- _INSTRUCTIONS FOR THE TASK_
Read through the lines below for the string "length" and copy each one that has it.

- _INFORMATION_
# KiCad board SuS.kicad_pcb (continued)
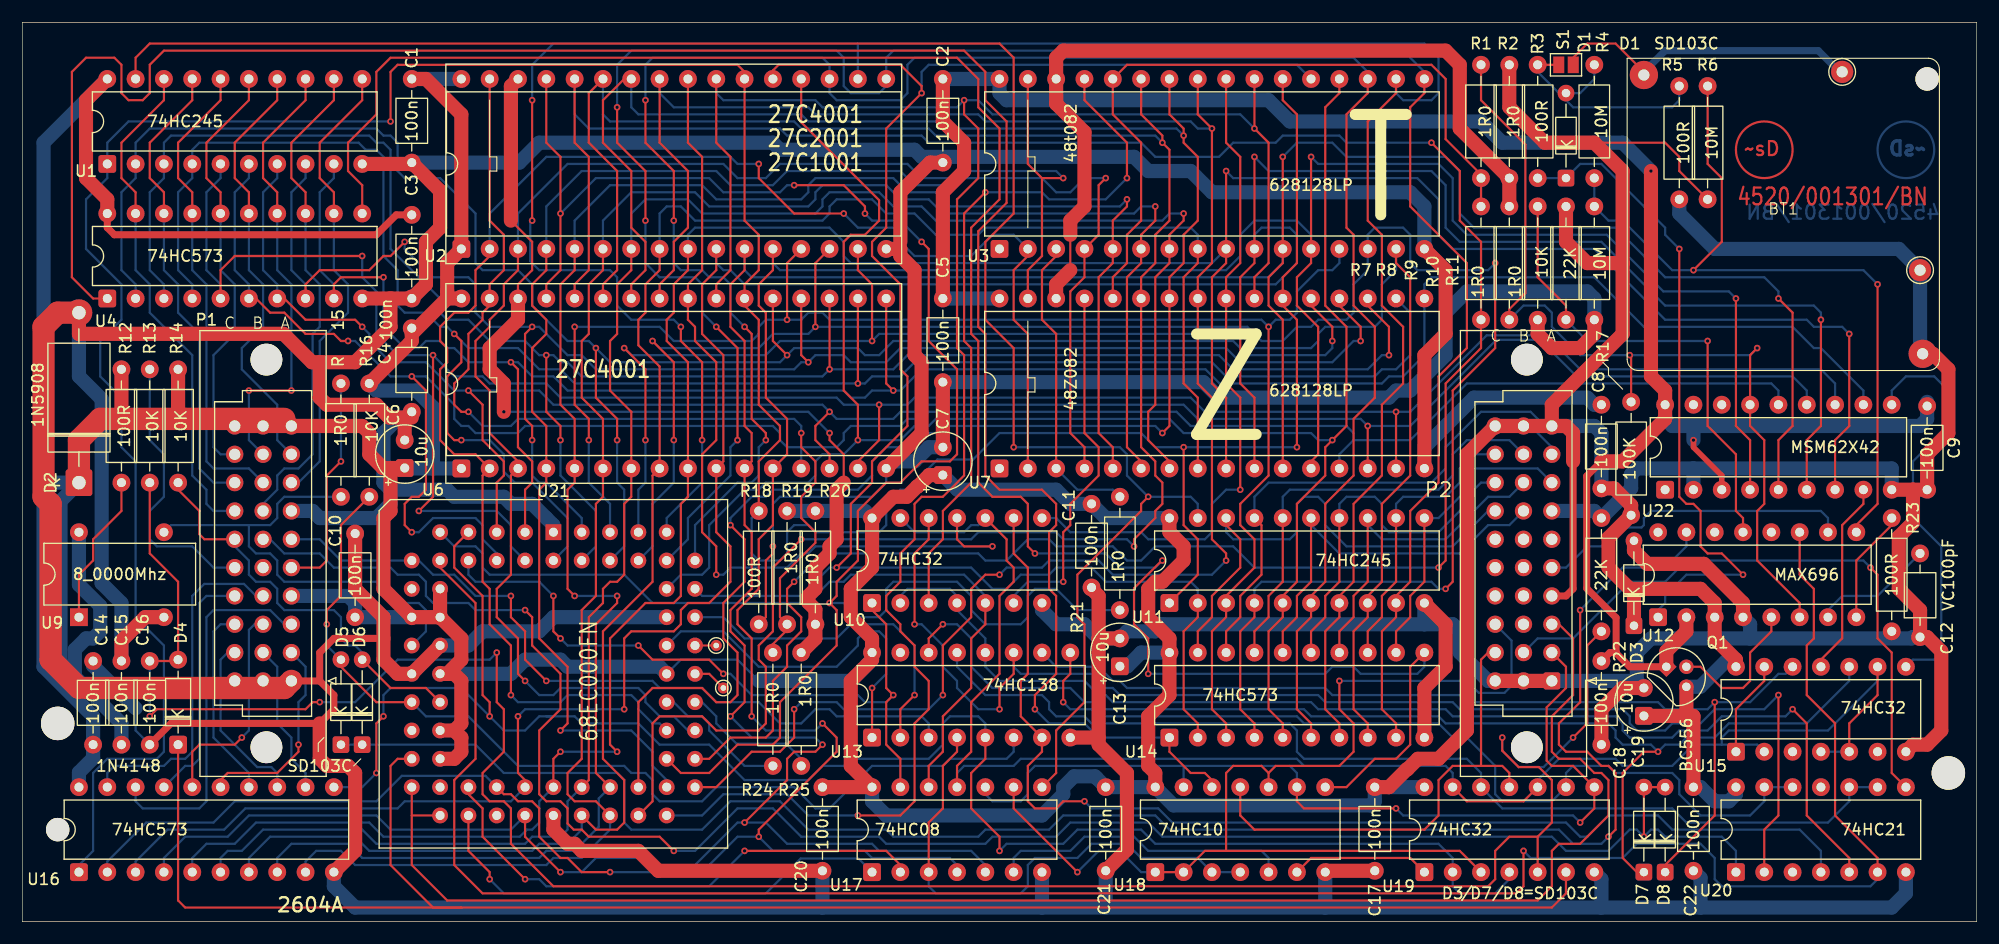
[diagram p0: board, top side]
## Routing (per net, layer and track width the routed paths; a pad name or vN(x,y) marks a point on that pad's centre or on a via; arc(x,y) is an arc through that point) (continued)
D3: length 198.9
  Top w0.2: v1(78.11,47.62) 77.47,48.26 U6.17 ; U4.9 27.94,57.15 28.58,57.78 v1(32.39,57.78) ; U21.3 45.08,38.73 45.72,39.37 45.72,41.28 44.45,42.55 44.45,49.53 v1(43.81,50.17)
  Bottom w0.2: v1(32.39,57.78) 32.39,53.34 34.29,51.44 35.56,51.44 36.2,52.07 37.47,52.07 38.1,51.44 38.73,51.44 40,50.17 v1(43.81,50.17) 44.45,50.17 45.72,48.89 47.62,48.89 48.89,47.62 73.66,47.62 74.3,46.99 75.57,46.99 76.2,47.62 v1(78.11,47.62) 78.74,47.62 80.64,49.53 106.1,49.53 107.37,48.26 121.92,48.26 122.55,48.89 123.83,48.89 125.73,50.8 U7.17 125.73,57.15 126.36,57.78 140.97,57.78 145.42,53.34 158.75,53.34 160.65,51.44 161.29,51.44 165.1,47.62 U22.11 ; U1.9 27.94,66.67 26.67,65.41 26.67,58.42 27.94,57.15 U4.9
D4: length 184.1
  Top w0.2: U6.18 v1(74.93,48.26) ; v1(39.37,43.18) 38.73,43.18 38.1,43.81 38.1,48.89 39.37,50.17 39.37,52.07 v1(38.73,52.7)
  Bottom w0.2: U21.2 48.89,33.66 48.89,36.2 45.72,39.37 44.16,39.37 43.18,40.35 43.18,41.91 41.91,43.18 v1(39.37,43.18) ; U4.4 15.24,57.15 13.97,58.42 13.97,65.41 15.24,66.67 U1.4 15.24,69.22 15.88,69.85 30.16,69.85 30.8,69.22 31.75,69.22 32.39,68.58 32.39,59.69 33.66,58.42 33.66,55.25 34.29,54.61 36.2,54.61 37.47,53.34 38.1,53.34 v1(38.73,52.7) 40,51.44 44.45,51.44 46.36,49.53 48.26,49.53 49.53,48.26 v1(74.93,48.26) 75.57,48.26 76.2,48.89 78.74,48.89 80.01,50.17 106.68,50.17 107.95,48.89 121.29,48.89 121.92,49.53 123.19,49.53 124.46,50.8 124.46,54.61 U7.18
D5: length 174.2
  Top w0.2: U6.19 v1(72.39,49.53) ; v1(46.99,50.8) 46.99,45.72 48.26,44.45 v1(48.26,43.18) ; v1(122.55,50.8) 122.55,53.34 120.65,55.25
  Bottom w0.2: v1(122.55,50.8) 121.92,50.8 120.65,49.53 108.58,49.53 107.32,50.8 79.38,50.8 78.11,49.53 v1(72.39,49.53) 71.75,48.89 50.17,48.89 48.89,50.17 48.26,50.17 47.62,50.8 v1(46.99,50.8) 46.36,50.8 45.08,52.07 41.91,52.07 40,53.98 38.1,53.98 37.47,54.61 37.47,55.88 33.02,60.33 33.02,69.22 32.39,69.85 31.75,69.85 31.11,70.48 13.33,70.48 12.7,69.85 U1.3 12.7,66.67 11.43,65.41 11.43,58.42 12.7,57.15 U4.3 ; v1(48.26,43.18) 48.26,40 51.44,36.83 51.44,33.66 U21.68
D6: length 150.9
  Top w0.2: 118.11,55.25 120.02,53.34 v1(120.02,52.07) ; v1(70.48,50.17) 69.85,50.8 U6.20 ; U4.8 25.4,57.15 26.67,58.42 31.11,58.42 32.39,59.69 33.02,59.69 v1(34.29,60.96) ; v1(45.72,53.34) 45.08,52.7 45.08,45.09 45.72,44.45 v1(45.72,43.18)
  Bottom w0.2: v1(45.72,43.18) 45.72,40 46.36,39.37 46.99,39.37 50.17,36.2 U21.67 ; U4.8 25.4,57.15 24.13,58.42 24.13,65.41 25.4,66.67 U1.8 ; v1(34.29,60.96) 34.29,60.33 36.83,57.78 40,57.78 40.64,57.15 40.64,54.61 41.91,53.34 v1(45.72,53.34) 46.36,53.34 48.89,50.8 50.17,50.8 51.44,49.53 69.22,49.53 69.85,50.17 v1(70.48,50.17) 71.12,50.8 73.66,50.8 74.3,50.17 77.47,50.17 78.74,51.44 107.95,51.44 109.22,50.17 117.48,50.17 119.38,52.07 v1(120.02,52.07)
D7: length 169.7
  Top w0.2: v1(117.48,52.07) 117.48,53.34 115.57,55.25 ; U6.21 67.31,52.07 v1(68.58,50.8) ; v1(51.44,51.44) 51.44,46.99 53.34,45.09 v1(53.34,43.18)
  Bottom w0.2: v1(117.48,52.07) 117.48,51.44 116.84,50.8 109.86,50.8 108.58,52.07 78.11,52.07 76.83,50.8 75.57,50.8 74.93,51.44 69.22,51.44 v1(68.58,50.8) 67.95,50.17 52.7,50.17 v1(51.44,51.44) 50.8,52.07 48.89,52.07 45.72,55.25 45.72,57.15 44.45,58.42 41.28,58.42 40.64,59.06 40.64,63.5 37.47,66.67 34.29,66.67 33.66,67.31 33.66,69.85 33.02,70.48 32.39,70.48 31.75,71.12 11.43,71.12 10.16,69.85 U1.2 10.16,66.67 8.89,65.41 8.89,58.42 10.16,57.15 U4.2 ; v1(53.34,43.18) 53.34,39.37 53.97,38.73 53.97,33.66 U21.66
D8: length 142.3
  Top w0.2: v1(111.76,53.34) 111.76,40 109.22,37.47 109.22,35.56 110.49,34.29 110.49,31.75 107.95,29.21 ; U14.3 107.95,17.78 106.68,19.05 106.68,26.03 107.95,27.31 U11.3 ; v1(49.53,53.34) 49.53,46.36 50.8,45.09 v1(50.8,43.18) ; U2.13 68.58,59.06 v1(68.58,53.98)
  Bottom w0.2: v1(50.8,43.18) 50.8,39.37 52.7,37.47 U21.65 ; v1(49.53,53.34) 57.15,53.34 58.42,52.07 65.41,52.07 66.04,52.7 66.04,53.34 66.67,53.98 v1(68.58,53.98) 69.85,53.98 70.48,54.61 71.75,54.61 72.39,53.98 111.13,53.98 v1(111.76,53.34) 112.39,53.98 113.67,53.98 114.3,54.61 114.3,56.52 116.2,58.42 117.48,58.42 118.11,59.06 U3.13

- _ANSWER BOX_
D3: length 198.9
D4: length 184.1
D5: length 174.2
D6: length 150.9
D7: length 169.7
D8: length 142.3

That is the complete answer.